Keep in mind, the picture is only 1 of 3 scrap piles outside. I easily have that much more inside.


----------



## bigblockyeti (Sep 9, 2013)

The leafblower works great, my shop is oriented east, west and the prevailing wind coming from the west through a small window at that end combined with the overhead door opened at the opposite end can really get a lot of dust flying. This works doubly well with a blow gun in one hand and the leaf blower in the other. I don't even bother turning on air cleaner as it would be filled instantly!


----------



## mojapitt (Dec 31, 2011)

No fire today, little breeze about 35 mph. I am building the stack. struggling with what is "disposable" scraps.


----------



## JoeinGa (Nov 26, 2012)

SOB! If only I *HAD *a shop to clean up! (sniffle)


----------



## UncannyValleyWoods (Apr 18, 2013)

I'm going to have to invoke internet rule #1 (pictures or it didn't happen).


----------



## DocSavage45 (Aug 14, 2010)

LOL! I can relate to every posting!

Monte did your nephew come to help?

I thought you might have been so frustrated you burned the shop! LOL!
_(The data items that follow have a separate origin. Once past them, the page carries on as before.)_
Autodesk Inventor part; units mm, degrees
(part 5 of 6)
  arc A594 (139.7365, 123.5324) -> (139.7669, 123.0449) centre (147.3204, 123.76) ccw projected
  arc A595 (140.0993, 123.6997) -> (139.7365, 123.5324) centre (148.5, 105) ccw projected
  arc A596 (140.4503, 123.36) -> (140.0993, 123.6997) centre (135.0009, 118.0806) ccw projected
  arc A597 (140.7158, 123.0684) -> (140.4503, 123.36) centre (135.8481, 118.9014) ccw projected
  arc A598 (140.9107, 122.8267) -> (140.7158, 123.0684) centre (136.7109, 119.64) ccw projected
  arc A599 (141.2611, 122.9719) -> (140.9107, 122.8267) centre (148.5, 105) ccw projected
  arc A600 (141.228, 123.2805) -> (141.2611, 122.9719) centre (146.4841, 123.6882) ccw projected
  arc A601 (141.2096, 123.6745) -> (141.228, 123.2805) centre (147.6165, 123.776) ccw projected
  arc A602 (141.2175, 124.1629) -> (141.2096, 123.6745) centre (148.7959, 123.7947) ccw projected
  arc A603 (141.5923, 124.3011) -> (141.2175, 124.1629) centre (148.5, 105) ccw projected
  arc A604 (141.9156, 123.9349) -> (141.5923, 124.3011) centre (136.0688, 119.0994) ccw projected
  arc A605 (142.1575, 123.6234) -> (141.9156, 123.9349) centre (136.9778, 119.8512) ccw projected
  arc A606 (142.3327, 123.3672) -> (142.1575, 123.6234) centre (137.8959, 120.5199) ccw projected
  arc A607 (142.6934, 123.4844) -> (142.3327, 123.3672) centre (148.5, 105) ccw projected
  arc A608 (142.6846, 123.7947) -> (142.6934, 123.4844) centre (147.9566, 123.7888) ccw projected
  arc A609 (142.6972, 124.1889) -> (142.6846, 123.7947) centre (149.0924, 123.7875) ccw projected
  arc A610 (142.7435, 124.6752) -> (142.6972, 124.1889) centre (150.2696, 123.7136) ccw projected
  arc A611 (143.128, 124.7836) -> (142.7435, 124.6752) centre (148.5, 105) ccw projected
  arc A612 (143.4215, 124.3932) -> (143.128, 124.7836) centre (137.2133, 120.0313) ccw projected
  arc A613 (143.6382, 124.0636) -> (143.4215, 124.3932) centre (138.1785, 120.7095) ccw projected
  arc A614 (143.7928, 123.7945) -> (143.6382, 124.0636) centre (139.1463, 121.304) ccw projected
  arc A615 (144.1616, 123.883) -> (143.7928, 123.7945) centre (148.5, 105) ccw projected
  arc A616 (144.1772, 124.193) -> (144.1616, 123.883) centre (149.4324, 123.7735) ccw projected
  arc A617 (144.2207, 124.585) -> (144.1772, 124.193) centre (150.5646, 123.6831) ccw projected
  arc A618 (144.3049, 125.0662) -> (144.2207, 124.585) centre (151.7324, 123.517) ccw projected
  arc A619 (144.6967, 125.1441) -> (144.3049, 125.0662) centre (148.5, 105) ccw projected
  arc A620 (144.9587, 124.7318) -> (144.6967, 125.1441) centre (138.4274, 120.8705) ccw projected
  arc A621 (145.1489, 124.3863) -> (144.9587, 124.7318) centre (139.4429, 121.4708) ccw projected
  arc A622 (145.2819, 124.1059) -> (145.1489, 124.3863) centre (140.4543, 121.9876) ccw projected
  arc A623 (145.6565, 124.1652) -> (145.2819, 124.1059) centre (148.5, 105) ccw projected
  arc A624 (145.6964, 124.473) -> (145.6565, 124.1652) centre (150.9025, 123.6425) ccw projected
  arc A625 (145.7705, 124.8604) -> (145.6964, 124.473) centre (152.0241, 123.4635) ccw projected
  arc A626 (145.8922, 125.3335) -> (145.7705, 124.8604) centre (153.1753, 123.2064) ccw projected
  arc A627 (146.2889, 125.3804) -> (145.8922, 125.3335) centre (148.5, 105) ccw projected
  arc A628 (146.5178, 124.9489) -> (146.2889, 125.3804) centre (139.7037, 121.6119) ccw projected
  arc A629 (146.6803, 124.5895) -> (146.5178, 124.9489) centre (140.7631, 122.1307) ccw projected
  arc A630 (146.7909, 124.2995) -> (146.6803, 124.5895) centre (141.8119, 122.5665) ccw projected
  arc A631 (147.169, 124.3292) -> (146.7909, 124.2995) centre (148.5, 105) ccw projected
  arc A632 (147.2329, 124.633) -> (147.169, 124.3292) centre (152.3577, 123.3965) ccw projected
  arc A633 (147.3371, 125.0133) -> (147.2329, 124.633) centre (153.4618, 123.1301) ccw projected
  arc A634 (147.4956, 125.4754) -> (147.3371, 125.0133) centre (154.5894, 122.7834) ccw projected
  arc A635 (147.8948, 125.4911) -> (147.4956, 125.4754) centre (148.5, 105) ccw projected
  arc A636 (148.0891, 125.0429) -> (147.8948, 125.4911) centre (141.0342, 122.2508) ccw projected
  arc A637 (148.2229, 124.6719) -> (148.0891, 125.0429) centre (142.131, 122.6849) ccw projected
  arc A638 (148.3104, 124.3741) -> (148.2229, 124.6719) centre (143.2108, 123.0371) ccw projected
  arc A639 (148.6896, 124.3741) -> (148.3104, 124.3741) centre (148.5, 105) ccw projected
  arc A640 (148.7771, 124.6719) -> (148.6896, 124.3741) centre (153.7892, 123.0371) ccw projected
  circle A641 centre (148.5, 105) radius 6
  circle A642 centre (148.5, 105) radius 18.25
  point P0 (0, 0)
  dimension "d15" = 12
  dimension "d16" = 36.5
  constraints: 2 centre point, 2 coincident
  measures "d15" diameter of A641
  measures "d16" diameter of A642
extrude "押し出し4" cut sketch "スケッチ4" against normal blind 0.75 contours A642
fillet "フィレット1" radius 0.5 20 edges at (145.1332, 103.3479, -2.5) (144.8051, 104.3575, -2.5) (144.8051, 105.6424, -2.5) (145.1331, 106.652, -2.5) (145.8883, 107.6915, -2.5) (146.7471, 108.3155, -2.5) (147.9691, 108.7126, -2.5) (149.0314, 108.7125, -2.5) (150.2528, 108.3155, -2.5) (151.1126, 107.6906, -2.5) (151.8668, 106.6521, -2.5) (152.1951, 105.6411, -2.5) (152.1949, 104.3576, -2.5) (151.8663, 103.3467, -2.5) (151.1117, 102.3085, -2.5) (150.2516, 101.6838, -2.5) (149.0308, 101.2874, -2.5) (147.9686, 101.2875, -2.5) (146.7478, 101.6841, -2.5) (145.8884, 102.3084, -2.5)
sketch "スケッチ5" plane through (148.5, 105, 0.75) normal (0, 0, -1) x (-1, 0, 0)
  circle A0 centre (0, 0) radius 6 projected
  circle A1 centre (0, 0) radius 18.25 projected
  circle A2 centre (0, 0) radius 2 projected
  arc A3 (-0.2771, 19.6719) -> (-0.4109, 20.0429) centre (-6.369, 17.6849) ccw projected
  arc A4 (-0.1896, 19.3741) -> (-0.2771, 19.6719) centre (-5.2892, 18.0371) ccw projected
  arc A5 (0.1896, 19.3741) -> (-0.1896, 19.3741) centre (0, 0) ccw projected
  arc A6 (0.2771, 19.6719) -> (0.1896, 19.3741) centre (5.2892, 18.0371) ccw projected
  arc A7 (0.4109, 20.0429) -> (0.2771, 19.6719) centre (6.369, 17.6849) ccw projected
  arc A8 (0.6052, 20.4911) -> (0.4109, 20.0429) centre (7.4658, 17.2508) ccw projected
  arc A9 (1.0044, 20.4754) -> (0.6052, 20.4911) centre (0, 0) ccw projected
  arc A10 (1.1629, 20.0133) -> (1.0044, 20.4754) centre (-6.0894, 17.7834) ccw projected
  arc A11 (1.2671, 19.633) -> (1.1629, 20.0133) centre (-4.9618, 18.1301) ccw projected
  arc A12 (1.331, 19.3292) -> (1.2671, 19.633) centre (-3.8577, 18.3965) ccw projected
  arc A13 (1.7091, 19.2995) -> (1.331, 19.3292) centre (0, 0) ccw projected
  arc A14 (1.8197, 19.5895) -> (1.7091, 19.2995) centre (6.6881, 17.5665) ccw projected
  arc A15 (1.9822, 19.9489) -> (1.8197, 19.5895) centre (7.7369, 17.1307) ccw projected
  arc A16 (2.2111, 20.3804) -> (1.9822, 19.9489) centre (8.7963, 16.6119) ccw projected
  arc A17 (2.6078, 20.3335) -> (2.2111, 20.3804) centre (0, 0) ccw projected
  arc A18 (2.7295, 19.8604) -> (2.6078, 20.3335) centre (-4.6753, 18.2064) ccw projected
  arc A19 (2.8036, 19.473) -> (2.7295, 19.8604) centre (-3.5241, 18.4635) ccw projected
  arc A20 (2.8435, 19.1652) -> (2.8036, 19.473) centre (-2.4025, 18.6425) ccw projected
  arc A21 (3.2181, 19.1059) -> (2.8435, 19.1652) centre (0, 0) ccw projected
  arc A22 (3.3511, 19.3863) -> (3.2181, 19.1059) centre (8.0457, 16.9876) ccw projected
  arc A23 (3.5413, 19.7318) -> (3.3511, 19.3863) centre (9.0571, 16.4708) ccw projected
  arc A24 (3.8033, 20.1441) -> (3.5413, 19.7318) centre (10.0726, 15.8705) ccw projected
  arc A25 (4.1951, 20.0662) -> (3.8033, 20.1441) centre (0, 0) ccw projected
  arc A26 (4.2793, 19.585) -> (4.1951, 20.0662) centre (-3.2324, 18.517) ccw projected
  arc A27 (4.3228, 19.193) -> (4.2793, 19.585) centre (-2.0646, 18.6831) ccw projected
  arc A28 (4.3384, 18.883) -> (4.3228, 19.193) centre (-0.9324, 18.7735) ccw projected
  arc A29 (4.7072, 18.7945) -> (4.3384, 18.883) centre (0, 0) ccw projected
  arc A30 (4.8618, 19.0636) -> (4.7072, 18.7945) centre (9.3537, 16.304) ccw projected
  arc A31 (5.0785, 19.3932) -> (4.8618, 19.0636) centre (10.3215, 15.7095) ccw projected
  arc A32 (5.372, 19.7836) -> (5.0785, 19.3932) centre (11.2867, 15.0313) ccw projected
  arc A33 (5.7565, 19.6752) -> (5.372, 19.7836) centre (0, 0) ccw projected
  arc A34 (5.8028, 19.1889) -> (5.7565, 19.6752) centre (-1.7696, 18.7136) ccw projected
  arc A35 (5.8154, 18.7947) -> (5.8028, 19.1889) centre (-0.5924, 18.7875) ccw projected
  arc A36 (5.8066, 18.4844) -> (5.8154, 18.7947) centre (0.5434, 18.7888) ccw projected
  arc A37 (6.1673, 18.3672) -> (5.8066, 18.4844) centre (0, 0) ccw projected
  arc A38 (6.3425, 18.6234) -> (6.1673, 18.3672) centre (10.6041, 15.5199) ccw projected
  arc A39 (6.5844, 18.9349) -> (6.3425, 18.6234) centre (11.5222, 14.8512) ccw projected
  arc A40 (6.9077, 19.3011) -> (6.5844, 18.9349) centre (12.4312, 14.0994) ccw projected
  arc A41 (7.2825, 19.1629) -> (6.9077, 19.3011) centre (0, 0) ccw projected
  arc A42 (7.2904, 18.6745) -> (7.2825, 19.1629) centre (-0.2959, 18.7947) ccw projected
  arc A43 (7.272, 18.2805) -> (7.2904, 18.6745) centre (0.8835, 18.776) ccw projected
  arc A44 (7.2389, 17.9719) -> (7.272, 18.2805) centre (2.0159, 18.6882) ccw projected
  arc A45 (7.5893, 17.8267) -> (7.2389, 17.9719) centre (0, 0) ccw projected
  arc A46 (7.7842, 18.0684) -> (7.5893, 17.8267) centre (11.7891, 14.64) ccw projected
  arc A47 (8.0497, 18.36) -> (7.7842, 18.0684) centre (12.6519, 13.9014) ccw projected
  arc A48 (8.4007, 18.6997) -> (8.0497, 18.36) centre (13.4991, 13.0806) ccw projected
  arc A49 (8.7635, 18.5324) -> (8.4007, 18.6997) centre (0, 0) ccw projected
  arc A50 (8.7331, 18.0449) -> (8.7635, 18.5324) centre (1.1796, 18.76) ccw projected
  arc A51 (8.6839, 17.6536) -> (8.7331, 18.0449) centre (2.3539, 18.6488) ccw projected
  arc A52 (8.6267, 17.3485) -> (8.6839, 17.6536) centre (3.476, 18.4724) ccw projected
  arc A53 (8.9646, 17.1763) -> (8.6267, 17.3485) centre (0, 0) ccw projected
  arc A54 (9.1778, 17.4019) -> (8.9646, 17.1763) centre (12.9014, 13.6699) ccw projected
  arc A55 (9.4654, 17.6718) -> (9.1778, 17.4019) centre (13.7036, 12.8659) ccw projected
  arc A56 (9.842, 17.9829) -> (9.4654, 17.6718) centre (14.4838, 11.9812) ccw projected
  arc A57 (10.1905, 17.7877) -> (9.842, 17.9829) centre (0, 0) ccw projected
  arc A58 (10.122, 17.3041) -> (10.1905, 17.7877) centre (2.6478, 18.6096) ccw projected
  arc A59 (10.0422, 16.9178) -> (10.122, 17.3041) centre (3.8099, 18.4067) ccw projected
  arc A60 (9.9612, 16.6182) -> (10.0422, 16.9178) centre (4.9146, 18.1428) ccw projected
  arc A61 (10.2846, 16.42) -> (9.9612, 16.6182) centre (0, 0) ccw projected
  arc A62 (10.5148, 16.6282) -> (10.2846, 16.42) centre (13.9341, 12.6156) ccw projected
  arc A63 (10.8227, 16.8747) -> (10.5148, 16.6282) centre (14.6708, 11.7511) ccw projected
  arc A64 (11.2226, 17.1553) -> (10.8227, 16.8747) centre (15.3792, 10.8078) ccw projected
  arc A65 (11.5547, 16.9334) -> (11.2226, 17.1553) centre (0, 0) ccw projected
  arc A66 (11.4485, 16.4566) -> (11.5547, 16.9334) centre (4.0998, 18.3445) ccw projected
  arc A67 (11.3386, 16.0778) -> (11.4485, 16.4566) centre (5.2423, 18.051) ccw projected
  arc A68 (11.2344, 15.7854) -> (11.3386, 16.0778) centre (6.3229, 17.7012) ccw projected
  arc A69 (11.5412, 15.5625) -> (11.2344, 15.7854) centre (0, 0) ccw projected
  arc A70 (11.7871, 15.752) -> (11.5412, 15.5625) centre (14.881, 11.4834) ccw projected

I keep my office tidy as I can because I am seeing clients there. If you put the client first you will be motivated( more so) to keep the rest of your vows.

It's damned hard not to hoard wood LOL!


----------



## kizerpea (Dec 2, 2011)

Monte..thats free heat..if you have a woodstove…that's what I use…put my wood shavings in a old Wal-Mart bag an toss em in….I see there are no shop pictures on your home page..when you get it clean add some


----------